Submission Date: 10 Dec 92
Submittor: WG14
Source: X3J11/91-040 (Fred Tydeman)
Question 1
May floating-point constants be represented with more precision than implied
by its type? Consider the following code fragment:
float f;
double d;
long double ld;
ld = ld + 0.1; /* add a long double and a double
*/
ld = ld + 1.0 / 10.0; /* expression with "same" value
*/
d = f + 0.1f; /* "+" is allowed to be double precision
*/
In the above example, the decimal number 0.1,
when converted to binary, is a non-terminating repeating binary number;
so the more bits used to represent the number, the closer it will be to
its true value. Hence, if doubles are 64 bits and long
doubles are 80 bits, the long double will be more
accurate. So in essence, may 0.1 (a double)
be represented with more precision, e.g. as 0.1L (a long
double)?
Parts of the C Standard that may help answer the question follow.
Subclause 5.1.2.3 Program execution, page 7, line 36:
In the abstract machine, all expressions are evaluated as specified by the semantics.
I believe that this is the ``as if'' rule that applies to this case.
Subclause 5.1.2.3 Program execution, page 8, lines 44-45:
Alternatively, an operation involving only ints or floats may be executed using double-precision operations if neither range nor precision is lost thereby.
Clearly, d = f + 0.1F may be done using a double-precision
add. But may 0.1f be represented as the double
0.1?
Subclause 6.1.3.1 Floating constants, page 26, lines 32-35:
If the scaled value is in the range of representable values (for its type) the result is either the nearest representable value, or the larger or smaller representable value immediately adjacent to the nearest representable value, chosen in an implementation-defined manner.
I believe that the above does not require that the result be the nearest
representable value (for its type).
Subclause 6.2.1.5 Usual arithmetic conversions, page 35, lines 38-39:
The values of floating operands and of the results of floating expressions may be represented in greater precision and range than that required by the type; the types are not changed thereby.
I believe that a floating constant is a floating operand, so is allowed
greater precision.

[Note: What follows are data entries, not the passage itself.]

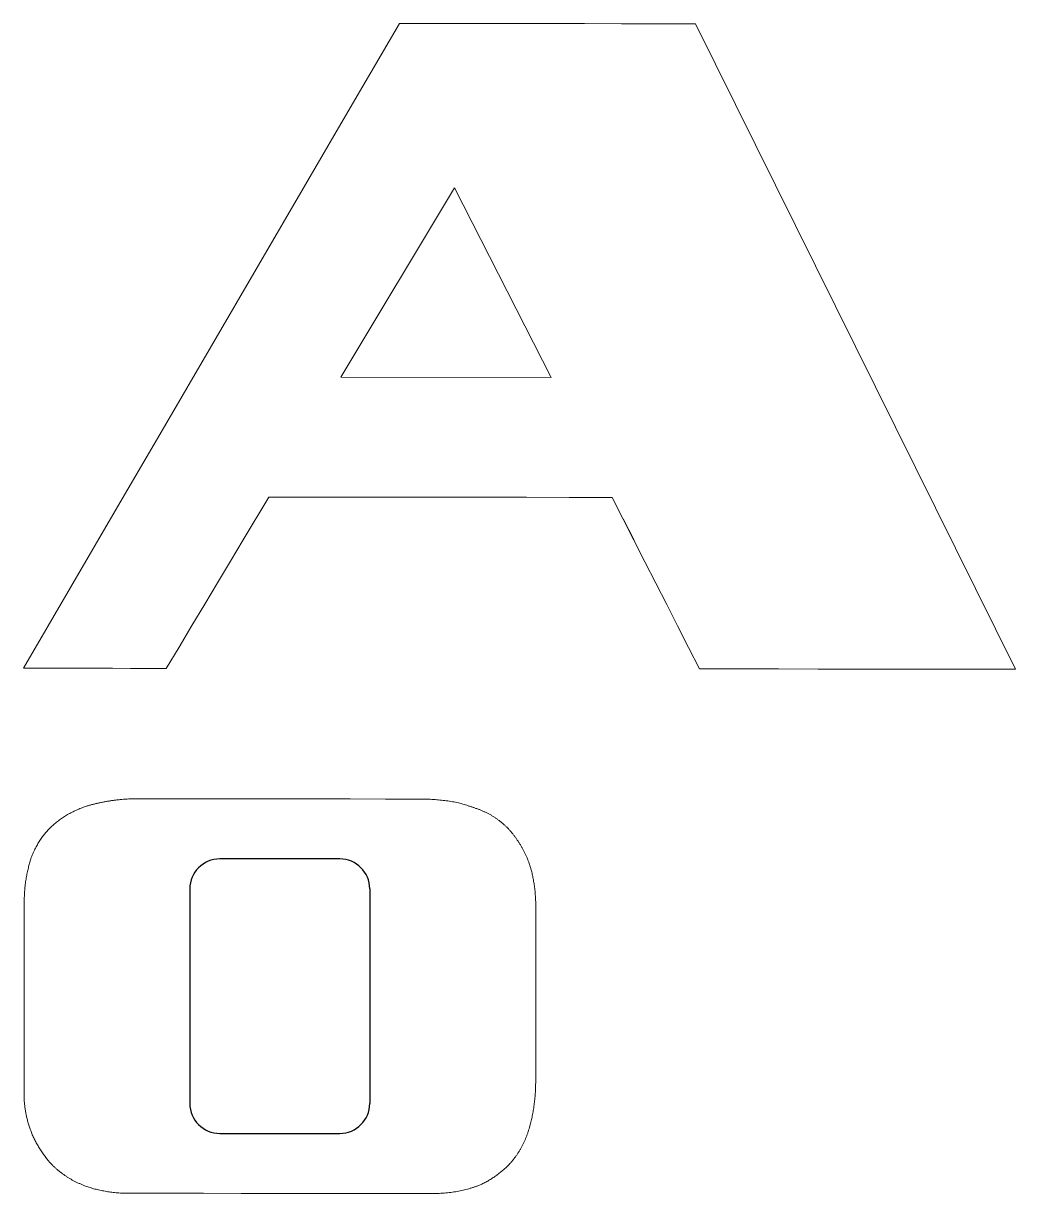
# Model space of a CAD drawing. Header units: millimetres. Extents: x -60 to 270204, y -80695 to 4986.
# Drawn here: x 1004.13 to 1042.15, y 709.09 to 753.92 of the extents above; entities that cross this region are included whole.
import ezdxf

# ---------------------------------------------------------------- set-up
doc = ezdxf.new("R2010")
doc.units = ezdxf.units.MM
doc.layers.add('\\M+3B7B9\\M+3C0CC\\M+3BEEE 1', color=7, linetype='Continuous')

msp = doc.modelspace()

# ---------------------------------------------------------------- linework, layer by layer
for p, q in [((1016.254, 721.91), (1011.659, 721.91)), ((1010.51, 720.761), (1010.51, 712.542)), ((1017.403, 720.761), (1017.403, 712.542)), ((1011.659, 711.393), (1016.254, 711.393))]:
    msp.add_line(p, q)
for centre, start, end in [((1011.659, 720.761), 90, 180), ((1016.254, 720.761), 0, 90), ((1011.659, 712.542), 180, 270), ((1016.254, 712.542), 270, 0)]:
    msp.add_arc(centre, 1.149, start, end)
at = {"layer": '\\M+3B7B9\\M+3C0CC\\M+3BEEE 1', "lineweight": 0}
for p, q in [((1018.541, 753.918), (1016.74, 750.831)), ((1019.958, 753.916), (1018.541, 753.918)), ((1021.376, 753.914), (1019.958, 753.916)), ((1022.793, 753.912), (1021.376, 753.914)), ((1024.21, 753.91), (1022.793, 753.912)), ((1025.628, 753.908), (1024.21, 753.91)), ((1027.045, 753.907), (1025.628, 753.908)), ((1028.462, 753.905), (1027.045, 753.907)), ((1029.88, 753.903), (1028.462, 753.905)), ((1031.413, 750.812), (1029.88, 753.903)), ((1016.74, 750.831), (1014.94, 747.743)), ((1032.947, 747.72), (1031.413, 750.812)), ((1014.94, 747.743), (1013.139, 744.656)), ((1016.3, 740.366), (1020.655, 747.624)), ((1020.655, 747.624), (1024.355, 740.356)), ((1034.481, 744.629), (1032.947, 747.72)), ((1013.139, 744.656), (1011.338, 741.569)), ((1036.016, 741.538), (1034.481, 744.629)), ((1011.338, 741.569), (1009.537, 738.481)), ((1037.55, 738.447), (1036.016, 741.538)), ((1016.3, 740.366), (1024.355, 740.356)), ((1009.537, 738.481), (1007.736, 735.394)), ((1039.083, 735.356), (1037.55, 738.447)), ((1012.559, 734.132), (1013.544, 735.773)), ((1013.544, 735.773), (1015.188, 735.771)), ((1015.188, 735.771), (1016.832, 735.77)), ((1016.832, 735.77), (1018.476, 735.768)), ((1018.476, 735.768), (1020.12, 735.766)), ((1020.12, 735.766), (1021.764, 735.764)), ((1021.764, 735.764), (1023.408, 735.762)), ((1023.408, 735.762), (1025.052, 735.76)), ((1025.052, 735.76), (1026.697, 735.759)), ((1026.697, 735.759), (1027.949, 733.295)), ((1007.736, 735.394), (1005.935, 732.307)), ((1040.617, 732.265), (1039.083, 735.356)), ((1027.114, 734.938), (1027.532, 734.117)), ((1012.067, 733.311), (1012.559, 734.132)), ((1011.575, 732.491), (1012.067, 733.311)), ((1027.949, 733.295), (1028.367, 732.474)), ((1005.935, 732.307), (1004.134, 729.219)), ((1011.083, 731.67), (1011.575, 732.491)), ((1028.367, 732.474), (1028.785, 731.654)), ((1042.151, 729.174), (1040.617, 732.265)), ((1010.591, 730.849), (1011.083, 731.67)), ((1028.785, 731.654), (1029.203, 730.833)), ((1010.098, 730.028), (1010.591, 730.849)), ((1029.203, 730.833), (1029.62, 730.012)), ((1009.606, 729.208), (1010.098, 730.028)), ((1029.62, 730.012), (1030.038, 729.191)), ((1004.134, 729.219), (1004.818, 729.218)), ((1004.818, 729.218), (1005.502, 729.217)), ((1005.502, 729.217), (1006.186, 729.216)), ((1006.186, 729.216), (1006.87, 729.214)), ((1006.87, 729.214), (1007.554, 729.212)), ((1007.554, 729.212), (1008.238, 729.211)), ((1008.238, 729.211), (1008.922, 729.209)), ((1008.922, 729.209), (1009.606, 729.208)), ((1030.038, 729.191), (1031.553, 729.189)), ((1031.553, 729.189), (1033.066, 729.186)), ((1033.066, 729.186), (1034.58, 729.184)), ((1034.58, 729.184), (1036.095, 729.182)), ((1036.095, 729.182), (1037.609, 729.18)), ((1037.609, 729.18), (1039.123, 729.178)), ((1039.123, 729.178), (1040.637, 729.176)), ((1040.637, 729.176), (1042.151, 729.174))]:
    msp.add_line(p, q, dxfattribs=at)
for points in [[(1006.884, 724.02), (1006.843, 724.01), (1006.803, 724), (1006.762, 723.989)], [(1007.007, 724.048), (1006.966, 724.039), (1006.925, 724.03), (1006.884, 724.02)], [(1007.131, 724.075), (1007.09, 724.067), (1007.048, 724.058), (1007.007, 724.048)], [(1007.515, 724.143), (1007.471, 724.136), (1007.428, 724.129), (1007.385, 724.122)], [(1007.646, 724.16), (1007.602, 724.155), (1007.559, 724.149), (1007.515, 724.143)], [(1007.777, 724.175), (1007.733, 724.171), (1007.689, 724.166), (1007.646, 724.16)], [(1007.908, 724.188), (1007.864, 724.184), (1007.821, 724.18), (1007.777, 724.175)], [(1008.038, 724.198), (1007.995, 724.195), (1007.951, 724.192), (1007.908, 724.188)], [(1008.429, 724.212), (1008.386, 724.212), (1008.342, 724.211), (1008.299, 724.21)], [(1008.558, 724.212), (1008.515, 724.213), (1008.472, 724.213), (1008.429, 724.212)], [(1009.907, 724.211), (1009.907, 724.211), (1008.558, 724.212), (1008.558, 724.212)], [(1011.257, 724.21), (1011.257, 724.21), (1009.907, 724.211), (1009.907, 724.211)], [(1012.607, 724.209), (1012.607, 724.209), (1011.257, 724.21), (1011.257, 724.21)], [(1013.957, 724.208), (1013.957, 724.208), (1012.607, 724.209), (1012.607, 724.209)], [(1015.307, 724.207), (1015.307, 724.207), (1013.957, 724.208), (1013.957, 724.208)], [(1016.656, 724.206), (1016.656, 724.206), (1015.307, 724.207), (1015.307, 724.207)], [(1018.006, 724.205), (1018.006, 724.205), (1016.656, 724.206), (1016.656, 724.206)], [(1019.356, 724.204), (1019.356, 724.204), (1018.006, 724.205), (1018.006, 724.205)], [(1019.725, 724.194), (1019.684, 724.196), (1019.644, 724.198), (1019.603, 724.2)], [(1019.847, 724.187), (1019.806, 724.189), (1019.766, 724.192), (1019.725, 724.194)], [(1019.969, 724.177), (1019.928, 724.181), (1019.888, 724.184), (1019.847, 724.187)], [(1020.091, 724.166), (1020.05, 724.17), (1020.01, 724.174), (1019.969, 724.177)], [(1020.458, 724.121), (1020.418, 724.127), (1020.379, 724.132), (1020.338, 724.137)], [(1020.576, 724.102), (1020.537, 724.109), (1020.498, 724.115), (1020.458, 724.121)], [(1020.69, 724.08), (1020.652, 724.088), (1020.614, 724.095), (1020.576, 724.102)], [(1021.022, 723.997), (1020.986, 724.008), (1020.95, 724.018), (1020.913, 724.028)], [(1021.128, 723.963), (1021.093, 723.975), (1021.058, 723.986), (1021.022, 723.997)], [(1005.747, 723.56), (1005.721, 723.544), (1005.695, 723.527), (1005.668, 723.509)], [(1005.827, 723.609), (1005.801, 723.594), (1005.774, 723.577), (1005.747, 723.56)], [(1005.913, 723.655), (1005.884, 723.64), (1005.856, 723.625), (1005.827, 723.609)], [(1005.999, 723.699), (1005.97, 723.685), (1005.941, 723.67), (1005.913, 723.655)], [(1006.085, 723.74), (1006.056, 723.727), (1006.027, 723.713), (1005.999, 723.699)], [(1006.171, 723.78), (1006.142, 723.767), (1006.113, 723.754), (1006.085, 723.74)], [(1006.258, 723.818), (1006.229, 723.805), (1006.2, 723.793), (1006.171, 723.78)], [(1006.521, 723.923), (1006.492, 723.912), (1006.462, 723.901), (1006.433, 723.889)], [(1006.641, 723.957), (1006.601, 723.946), (1006.561, 723.935), (1006.521, 723.923)], [(1006.762, 723.989), (1006.722, 723.979), (1006.681, 723.968), (1006.641, 723.957)], [(1021.233, 723.926), (1021.198, 723.939), (1021.163, 723.951), (1021.128, 723.963)], [(1021.342, 723.893), (1021.306, 723.905), (1021.269, 723.916), (1021.233, 723.926)], [(1021.659, 723.776), (1021.624, 723.79), (1021.59, 723.804), (1021.554, 723.818)], [(1021.761, 723.731), (1021.727, 723.746), (1021.693, 723.761), (1021.659, 723.776)], [(1022.064, 723.581), (1022.031, 723.599), (1021.997, 723.617), (1021.964, 723.634)], [(1022.159, 723.522), (1022.128, 723.543), (1022.096, 723.562), (1022.064, 723.581)], [(1005.163, 723.104), (1005.143, 723.084), (1005.122, 723.064), (1005.102, 723.043)], [(1005.226, 723.163), (1005.205, 723.144), (1005.184, 723.124), (1005.163, 723.104)], [(1005.44, 723.343), (1005.415, 723.324), (1005.391, 723.304), (1005.366, 723.285)], [(1005.668, 723.509), (1005.642, 723.492), (1005.616, 723.474), (1005.591, 723.456)], [(1022.427, 723.327), (1022.399, 723.35), (1022.369, 723.373), (1022.34, 723.395)], [(1022.513, 723.255), (1022.485, 723.28), (1022.456, 723.304), (1022.427, 723.327)], [(1022.595, 723.181), (1022.568, 723.206), (1022.54, 723.231), (1022.513, 723.255)], [(1022.677, 723.103), (1022.65, 723.129), (1022.623, 723.155), (1022.595, 723.181)], [(1022.756, 723.022), (1022.73, 723.049), (1022.703, 723.076), (1022.677, 723.103)], [(1004.818, 722.695), (1004.8, 722.67), (1004.783, 722.644), (1004.765, 722.618)], [(1004.872, 722.77), (1004.854, 722.745), (1004.836, 722.721), (1004.818, 722.695)], [(1004.928, 722.842), (1004.909, 722.818), (1004.891, 722.794), (1004.872, 722.77)], [(1004.985, 722.911), (1004.966, 722.888), (1004.947, 722.865), (1004.928, 722.842)], [(1005.043, 722.978), (1005.023, 722.956), (1005.004, 722.934), (1004.985, 722.911)], [(1005.102, 723.043), (1005.082, 723.022), (1005.062, 723), (1005.043, 722.978)], [(1022.821, 722.945), (1022.8, 722.971), (1022.778, 722.997), (1022.756, 723.022)], [(1022.886, 722.866), (1022.865, 722.893), (1022.843, 722.919), (1022.821, 722.945)], [(1022.949, 722.784), (1022.928, 722.812), (1022.907, 722.839), (1022.886, 722.866)], [(1023.011, 722.699), (1022.991, 722.728), (1022.97, 722.756), (1022.949, 722.784)], [(1023.072, 722.611), (1023.052, 722.641), (1023.032, 722.671), (1023.011, 722.699)], [(1023.244, 722.329), (1023.226, 722.362), (1023.207, 722.394), (1023.189, 722.426)], [(1023.299, 722.231), (1023.282, 722.265), (1023.263, 722.297), (1023.244, 722.329)], [(1023.352, 722.13), (1023.335, 722.165), (1023.318, 722.198), (1023.299, 722.231)], [(1004.419, 721.914), (1004.411, 721.886), (1004.402, 721.858), (1004.393, 721.83)], [(1004.456, 722.01), (1004.443, 721.978), (1004.431, 721.946), (1004.419, 721.914)], [(1023.4, 722.026), (1023.384, 722.062), (1023.368, 722.096), (1023.352, 722.13)], [(1023.527, 721.693), (1023.514, 721.732), (1023.501, 721.77), (1023.487, 721.808)], [(1023.565, 721.576), (1023.553, 721.615), (1023.54, 721.654), (1023.527, 721.693)], [(1023.601, 721.455), (1023.589, 721.496), (1023.577, 721.536), (1023.565, 721.576)], [(1023.622, 721.37), (1023.615, 721.399), (1023.608, 721.427), (1023.601, 721.455)], [(1023.641, 721.284), (1023.635, 721.313), (1023.628, 721.342), (1023.622, 721.37)], [(1004.244, 721.186), (1004.238, 721.152), (1004.232, 721.118), (1004.227, 721.084)], [(1004.263, 721.283), (1004.256, 721.251), (1004.25, 721.218), (1004.244, 721.186)], [(1023.659, 721.195), (1023.653, 721.225), (1023.647, 721.255), (1023.641, 721.284)], [(1004.17, 720.43), (1004.168, 720.392), (1004.168, 720.353), (1004.167, 720.313)], [(1023.741, 720.63), (1023.738, 720.662), (1023.736, 720.695), (1023.733, 720.727)], [(1023.748, 720.53), (1023.746, 720.563), (1023.743, 720.597), (1023.741, 720.63)], [(1023.755, 720.428), (1023.753, 720.462), (1023.75, 720.496), (1023.748, 720.53)], [(1004.167, 720.313), (1004.167, 720.313), (1004.166, 719.38), (1004.166, 719.38)], [(1023.77, 720.001), (1023.77, 720.038), (1023.77, 720.075), (1023.768, 720.111)], [(1023.771, 719.891), (1023.771, 719.928), (1023.771, 719.965), (1023.77, 720.001)], [(1023.77, 719.078), (1023.77, 719.078), (1023.771, 719.891), (1023.771, 719.891)], [(1004.166, 719.38), (1004.166, 719.38), (1004.166, 718.446), (1004.166, 718.446)], [(1023.769, 718.265), (1023.769, 718.265), (1023.77, 719.078), (1023.77, 719.078)], [(1004.166, 718.446), (1004.166, 718.446), (1004.165, 717.512), (1004.165, 717.512)], [(1023.768, 717.453), (1023.768, 717.453), (1023.769, 718.265), (1023.769, 718.265)], [(1004.165, 717.512), (1004.165, 717.512), (1004.164, 716.579), (1004.164, 716.579)], [(1023.767, 716.64), (1023.767, 716.64), (1023.768, 717.453), (1023.768, 717.453)], [(1004.164, 716.579), (1004.164, 716.579), (1004.164, 715.645), (1004.164, 715.645)], [(1023.766, 715.827), (1023.766, 715.827), (1023.767, 716.64), (1023.767, 716.64)], [(1004.164, 715.645), (1004.164, 715.645), (1004.163, 714.711), (1004.163, 714.711)], [(1023.765, 715.014), (1023.765, 715.014), (1023.766, 715.827), (1023.766, 715.827)], [(1004.163, 714.711), (1004.163, 714.711), (1004.162, 713.777), (1004.162, 713.777)], [(1023.764, 714.201), (1023.764, 714.201), (1023.765, 715.014), (1023.765, 715.014)], [(1023.763, 713.388), (1023.763, 713.388), (1023.764, 714.201), (1023.764, 714.201)], [(1004.162, 713.777), (1004.162, 713.777), (1004.162, 712.843), (1004.162, 712.843)], [(1023.759, 713.15), (1023.76, 713.189), (1023.761, 713.229), (1023.762, 713.269)], [(1023.762, 713.269), (1023.763, 713.308), (1023.763, 713.348), (1023.763, 713.388)], [(1004.162, 712.843), (1004.162, 712.819), (1004.162, 712.793), (1004.162, 712.768)], [(1023.753, 713.035), (1023.755, 713.073), (1023.757, 713.111), (1023.759, 713.15)], [(1004.162, 712.768), (1004.163, 712.743), (1004.164, 712.718), (1004.166, 712.693)], [(1004.166, 712.693), (1004.167, 712.668), (1004.168, 712.643), (1004.17, 712.617)], [(1004.194, 712.387), (1004.198, 712.361), (1004.201, 712.336), (1004.205, 712.31)], [(1023.702, 712.487), (1023.707, 712.522), (1023.711, 712.557), (1023.715, 712.592)], [(1023.715, 712.592), (1023.719, 712.627), (1023.723, 712.663), (1023.727, 712.699)], [(1004.205, 712.31), (1004.208, 712.283), (1004.212, 712.257), (1004.216, 712.23)], [(1004.216, 712.23), (1004.221, 712.204), (1004.226, 712.178), (1004.232, 712.151)], [(1004.232, 712.151), (1004.237, 712.125), (1004.242, 712.099), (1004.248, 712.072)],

Clearly, the expression 1.0 / 10.0 is
allowed greater precision than just double, so it would
make sense to allow an equivalent constant (0.1) to have
greater precision.
Subclause 6.4 Constant expressions, page 55, lines 14-16:
If a floating expression is evaluated in the translation environment, the arithmetic precision and range shall be at least as great as if the expression were being evaluated in the execution environment.
Response
The Committee concurs with all the arguments presented - a floating constant
may be represented in more precision than implied by its type.